Professor X is a teacher at T University who teaches basic C++ to many students every year. At T University, every student must register for courses before the start of each semester. Course registration is divided into three stages: pre-registration, formal registration, and add/drop. The "add/drop" stage is the busiest.
During the add/drop stage, students can either add or drop courses. For Professor X, the following two types of events can occur during this stage: 1. A student named $S$ adds his course (the name $S$ will appear in Professor X's list of enrolled students). 2. A student named $S$ drops his course (the name $S$ will be removed from Professor X's list of enrolled students).
At the same time, Professor X is very concerned about which students have enrolled in his course, so he queries the list of enrolled students from time to time. The format of each query is as follows: After which event was the number of students whose names have $S$ as a prefix first greater than $v$?

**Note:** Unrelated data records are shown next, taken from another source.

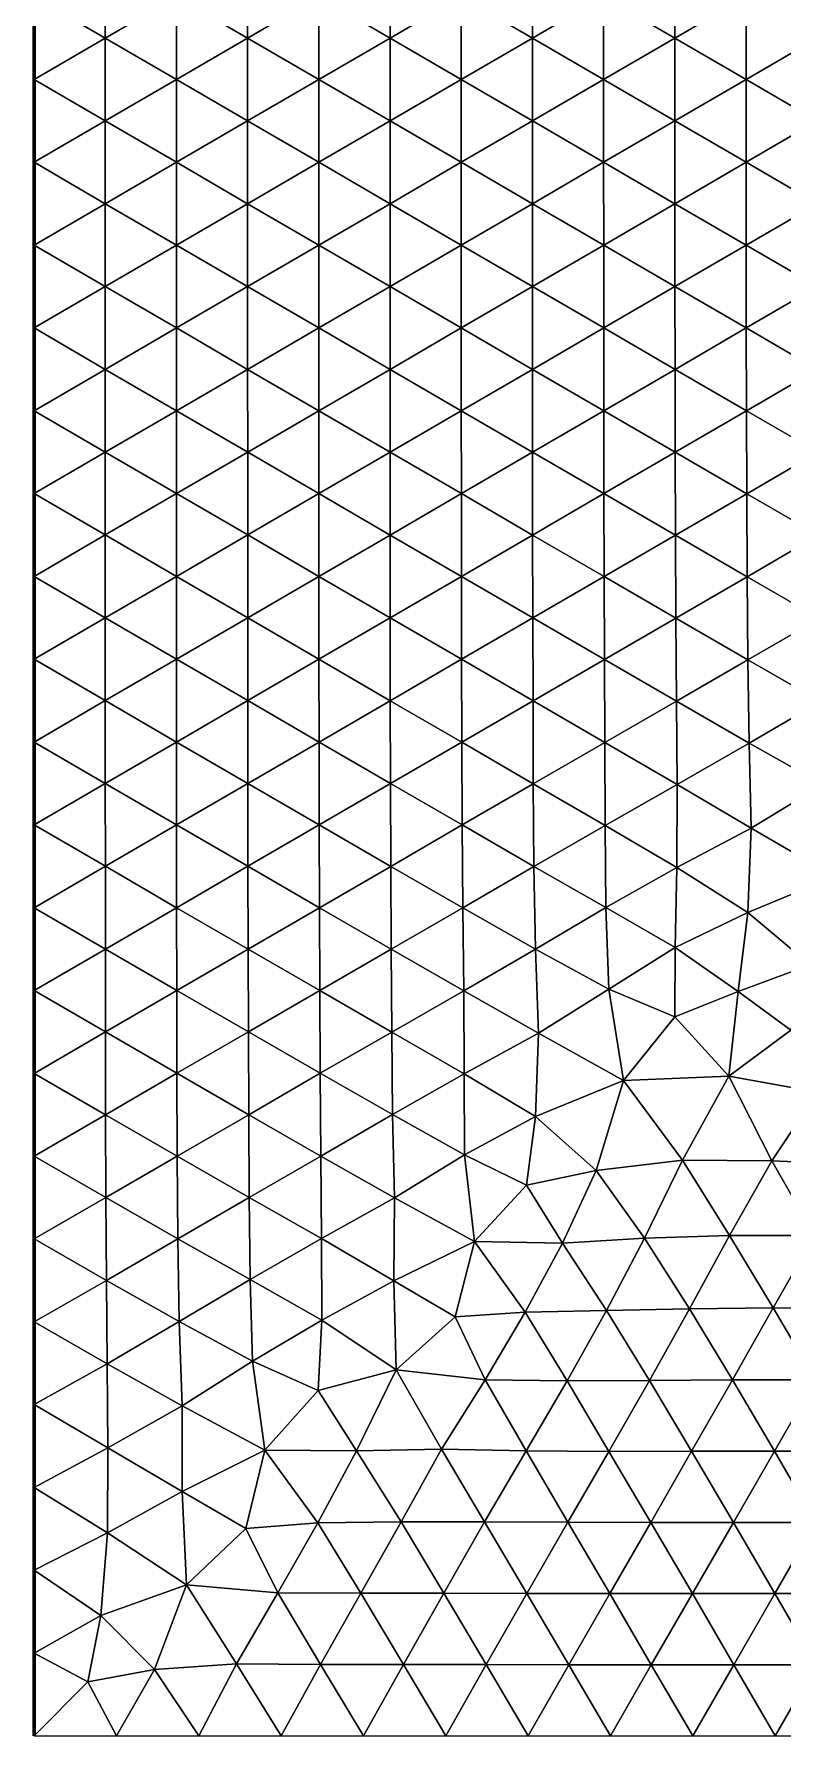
# Model space of a CAD drawing. Extents: x 1.2 to 53.9, y -43.5 to 3.2.
# Drawn here: x 2 to 3.822, y -43.174 to -39.032 of the extents above; entities that cross this region are included whole.
import ezdxf

# ---------------------------------------------------------------- set-up
doc = ezdxf.new("R2010")
doc.units = 0
doc.header["$MEASUREMENT"] = 0
doc.layers.add('layer', color=7, linetype='Continuous')

msp = doc.modelspace()

# ---------------------------------------------------------------- linework, layer by layer
at = {"color": 1, "lineweight": 60}
msp.add_line((2, -43.1743), (2, -23.1743), dxfattribs=at)
at = {"layer": 'layer', "color": 47, "lineweight": 9}
for points in [[(2.1732, -38.8396), (2, -38.9404), (2.1732, -39.0412)], [(2.1732, -38.8396), (2.1732, -39.0412), (2.3464, -38.9404)], [(2.5196, -38.8396), (2.3464, -38.9404), (2.5196, -39.0412)], [(2.5196, -38.8396), (2.5196, -39.0412), (2.6928, -38.9404)], [(2.866, -38.8396), (2.6928, -38.9404), (2.866, -39.0412)], [(2.866, -38.8396), (2.866, -39.0412), (3.0392, -38.9404)], [(3.2124, -38.8396), (3.0392, -38.9404), (3.2125, -39.0412)], [(3.2124, -38.8396), (3.2125, -39.0412), (3.3857, -38.9404)], [(3.5589, -38.8396), (3.3857, -38.9404), (3.5589, -39.0412)], [(3.5589, -38.8396), (3.5589, -39.0412), (3.7321, -38.9404)], [(3.9053, -38.8396), (3.7321, -38.9404), (3.9054, -39.0413)], [(2, -38.9404), (2, -39.142), (2.1732, -39.0412)], [(2.3464, -38.9404), (2.1732, -39.0412), (2.3464, -39.142)], [(2.3464, -38.9404), (2.3464, -39.142), (2.5196, -39.0412)], [(2.6928, -38.9404), (2.5196, -39.0412), (2.6928, -39.142)], [(2.6928, -38.9404), (2.6928, -39.142), (2.866, -39.0412)], [(3.0392, -38.9404), (2.866, -39.0412), (3.0392, -39.142)], [(3.0392, -38.9404), (3.0392, -39.142), (3.2125, -39.0412)], [(3.3857, -38.9404), (3.2125, -39.0412), (3.3857, -39.142)], [(3.3857, -38.9404), (3.3857, -39.142), (3.5589, -39.0412)], [(3.7321, -38.9404), (3.5589, -39.0412), (3.7321, -39.1421)], [(3.7321, -38.9404), (3.7321, -39.1421), (3.9054, -39.0413)], [(2.1732, -39.0412), (2, -39.142), (2.1732, -39.2428)], [(2.1732, -39.0412), (2.1732, -39.2428), (2.3464, -39.142)], [(2.5196, -39.0412), (2.3464, -39.142), (2.5196, -39.2428)], [(2.5196, -39.0412), (2.5196, -39.2428), (2.6928, -39.142)], [(2.866, -39.0412), (2.6928, -39.142), (2.866, -39.2429)], [(2.866, -39.0412), (2.866, -39.2429), (3.0392, -39.142)], [(3.2125, -39.0412), (3.0392, -39.142), (3.2125, -39.2429)], [(3.2125, -39.0412), (3.2125, -39.2429), (3.3857, -39.142)], [(3.5589, -39.0412), (3.3857, -39.142), (3.5589, -39.2429)], [(3.5589, -39.0412), (3.5589, -39.2429), (3.7321, -39.1421)], [(3.9054, -39.0413), (3.7321, -39.1421), (3.9055, -39.2429)], [(2, -39.142), (2, -39.3437), (2.1732, -39.2428)], [(2.3464, -39.142), (2.1732, -39.2428), (2.3464, -39.3437)], [(2.3464, -39.142), (2.3464, -39.3437), (2.5196, -39.2428)], [(2.6928, -39.142), (2.5196, -39.2428), (2.6928, -39.3437)], [(2.6928, -39.142), (2.6928, -39.3437), (2.866, -39.2429)], [(3.0392, -39.142), (2.866, -39.2429), (3.0392, -39.3437)], [(3.0392, -39.142), (3.0392, -39.3437), (3.2125, -39.2429)], [(3.3857, -39.142), (3.2125, -39.2429), (3.3857, -39.3437)], [(3.3857, -39.142), (3.3857, -39.3437), (3.5589, -39.2429)], [(3.7321, -39.1421), (3.5589, -39.2429), (3.7322, -39.3437)], [(3.7321, -39.1421), (3.7322, -39.3437), (3.9055, -39.2429)], [(2.1732, -39.2428), (2, -39.3437), (2.1732, -39.4445)], [(2.1732, -39.2428), (2.1732, -39.4445), (2.3464, -39.3437)], [(2.5196, -39.2428), (2.3464, -39.3437), (2.5196, -39.4445)], [(2.5196, -39.2428), (2.5196, -39.4445), (2.6928, -39.3437)], [(2.866, -39.2429), (2.6928, -39.3437), (2.866, -39.4445)], [(2.866, -39.2429), (2.866, -39.4445), (3.0392, -39.3437)], [(3.2125, -39.2429), (3.0392, -39.3437), (3.2125, -39.4445)], [(3.2125, -39.2429), (3.2125, -39.4445), (3.3857, -39.3437)], [(3.5589, -39.2429), (3.3857, -39.3437), (3.559, -39.4445)], [(3.5589, -39.2429), (3.559, -39.4445), (3.7322, -39.3437)], [(3.9055, -39.2429), (3.7322, -39.3437), (3.9056, -39.4445)], [(2, -39.3437), (2, -39.5453), (2.1732, -39.4445)], [(2.3464, -39.3437), (2.1732, -39.4445), (2.3464, -39.5453)], [(2.3464, -39.3437), (2.3464, -39.5453), (2.5196, -39.4445)], [(2.6928, -39.3437), (2.5196, -39.4445), (2.6928, -39.5453)], [(2.6928, -39.3437), (2.6928, -39.5453), (2.866, -39.4445)], [(3.0392, -39.3437), (2.866, -39.4445), (3.0393, -39.5453)], [(3.0392, -39.3437), (3.0393, -39.5453), (3.2125, -39.4445)], [(3.3857, -39.3437), (3.2125, -39.4445), (3.3858, -39.5453)], [(3.3857, -39.3437), (3.3858, -39.5453), (3.559, -39.4445)], [(3.7322, -39.3437), (3.559, -39.4445), (3.7323, -39.5453)], [(3.7322, -39.3437), (3.7323, -39.5453), (3.9056, -39.4445)], [(2.1732, -39.4445), (2, -39.5453), (2.1732, -39.6461)], [(2.1732, -39.4445), (2.1732, -39.6461), (2.3464, -39.5453)], [(2.5196, -39.4445), (2.3464, -39.5453), (2.5196, -39.6461)], [(2.5196, -39.4445), (2.5196, -39.6461), (2.6928, -39.5453)], [(2.866, -39.4445), (2.6928, -39.5453), (2.8661, -39.6461)], [(2.866, -39.4445), (2.8661, -39.6461), (3.0393, -39.5453)], [(3.2125, -39.4445), (3.0393, -39.5453), (3.2125, -39.6461)], [(3.2125, -39.4445), (3.2125, -39.6461), (3.3858, -39.5453)], [(3.559, -39.4445), (3.3858, -39.5453), (3.5591, -39.6461)], [(3.559, -39.4445), (3.5591, -39.6461), (3.7323, -39.5453)], [(3.9056, -39.4445), (3.7323, -39.5453), (3.9059, -39.6461)], [(2, -39.5453), (2, -39.7469), (2.1732, -39.6461)], [(2.3464, -39.5453), (2.1732, -39.6461), (2.3464, -39.7469)], [(2.3464, -39.5453), (2.3464, -39.7469), (2.5196, -39.6461)], [(2.6928, -39.5453), (2.5196, -39.6461), (2.6928, -39.7469)], [(2.6928, -39.5453), (2.6928, -39.7469), (2.8661, -39.6461)], [(3.0393, -39.5453), (2.8661, -39.6461), (3.0393, -39.7469)], [(3.0393, -39.5453), (3.0393, -39.7469), (3.2125, -39.6461)], [(3.3858, -39.5453), (3.2125, -39.6461), (3.3859, -39.7469)], [(3.3858, -39.5453), (3.3859, -39.7469), (3.5591, -39.6461)], [(3.7323, -39.5453), (3.5591, -39.6461), (3.7326, -39.7469)], [(3.7323, -39.5453), (3.7326, -39.7469), (3.9059, -39.6461)], [(2.1732, -39.6461), (2, -39.7469), (2.1732, -39.8477)], [(2.1732, -39.6461), (2.1732, -39.8477), (2.3464, -39.7469)], [(2.5196, -39.6461), (2.3464, -39.7469), (2.5196, -39.8477)], [(2.5196, -39.6461), (2.5196, -39.8477), (2.6928, -39.7469)], [(2.8661, -39.6461), (2.6928, -39.7469), (2.8661, -39.8477)], [(2.8661, -39.6461), (2.8661, -39.8477), (3.0393, -39.7469)], [(3.2125, -39.6461), (3.0393, -39.7469), (3.2126, -39.8477)], [(3.2125, -39.6461), (3.2126, -39.8477), (3.3859, -39.7469)], [(3.5591, -39.6461), (3.3859, -39.7469), (3.5593, -39.8478)], [(3.5591, -39.6461), (3.5593, -39.8478), (3.7326, -39.7469)], [(3.9059, -39.6461), (3.7326, -39.7469), (3.9063, -39.8478)], [(2, -39.7469), (2, -39.9485), (2.1732, -39.8477)], [(2.3464, -39.7469), (2.1732, -39.8477), (2.3464, -39.9485)], [(2.3464, -39.7469), (2.3464, -39.9485), (2.5196, -39.8477)], [(2.6928, -39.7469), (2.5196, -39.8477), (2.6929, -39.9485)], [(2.6928, -39.7469), (2.6929, -39.9485), (2.8661, -39.8477)], [(3.0393, -39.7469), (2.8661, -39.8477), (3.0394, -39.9485)], [(3.0393, -39.7469), (3.0394, -39.9485), (3.2126, -39.8477)], [(3.3859, -39.7469), (3.2126, -39.8477), (3.386, -39.9486)], [(3.3859, -39.7469), (3.386, -39.9486), (3.5593, -39.8478)], [(3.7326, -39.7469), (3.5593, -39.8478), (3.733, -39.9486)], [(3.7326, -39.7469), (3.733, -39.9486), (3.9063, -39.8478)], [(2.1732, -39.8477), (2, -39.9485), (2.1732, -40.0493)], [(2.1732, -39.8477), (2.1732, -40.0493), (2.3464, -39.9485)], [(2.5196, -39.8477), (2.3464, -39.9485), (2.5197, -40.0493)], [(2.5196, -39.8477), (2.5197, -40.0493), (2.6929, -39.9485)], [(2.8661, -39.8477), (2.6929, -39.9485), (2.8661, -40.0493)], [(2.8661, -39.8477), (2.8661, -40.0493), (3.0394, -39.9485)], [(3.2126, -39.8477), (3.0394, -39.9485), (3.2128, -40.0494)], [(3.2126, -39.8477), (3.2128, -40.0494), (3.386, -39.9486)], [(3.5593, -39.8478), (3.386, -39.9486), (3.5597, -40.0495)], [(3.5593, -39.8478), (3.5597, -40.0495), (3.733, -39.9486)], [(3.9063, -39.8478), (3.733, -39.9486), (3.9072, -40.0496)], [(2, -39.9485), (2, -40.1501), (2.1732, -40.0493)], [(2.3464, -39.9485), (2.1732, -40.0493), (2.3464, -40.1501)], [(2.3464, -39.9485), (2.3464, -40.1501), (2.5197, -40.0493)], [(2.6929, -39.9485), (2.5197, -40.0493), (2.6929, -40.1501)], [(2.6929, -39.9485), (2.6929, -40.1501), (2.8661, -40.0493)], [(3.0394, -39.9485), (2.8661, -40.0493), (3.0395, -40.1502)], [(3.0394, -39.9485), (3.0395, -40.1502), (3.2128, -40.0494)], [(3.386, -39.9486), (3.2128, -40.0494), (3.3863, -40.1503)], [(3.386, -39.9486), (3.3863, -40.1503), (3.5597, -40.0495)], [(3.733, -39.9486), (3.5597, -40.0495), (3.7338, -40.1505)], [(3.733, -39.9486), (3.7338, -40.1505), (3.9072, -40.0496)], [(2.1732, -40.0493), (2, -40.1501), (2.1732, -40.2509)], [(2.1732, -40.0493), (2.1732, -40.2509), (2.3464, -40.1501)], [(2.5197, -40.0493), (2.3464, -40.1501), (2.5197, -40.2509)], [(2.5197, -40.0493), (2.5197, -40.2509), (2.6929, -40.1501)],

Professor X thinks you have extraordinary talent, so he wants to test you with this problem. You are certainly not afraid and have bravely accepted this task.
Note 1: Student names may be identical. If $p$ students with the same name have all enrolled in Professor X's course, their names will appear on Professor X's list $p$ times. Note 2: Only students who have already enrolled in the course can drop it. If a student named $S$ drops the course, the name $S$ must have been on Professor X's list before they dropped it. Note 3: Adding a course, dropping a course, and querying are all defined as "events". Event numbering starts from 1.
Input
The first line contains a positive integer $n$, representing the total number of events that occurred.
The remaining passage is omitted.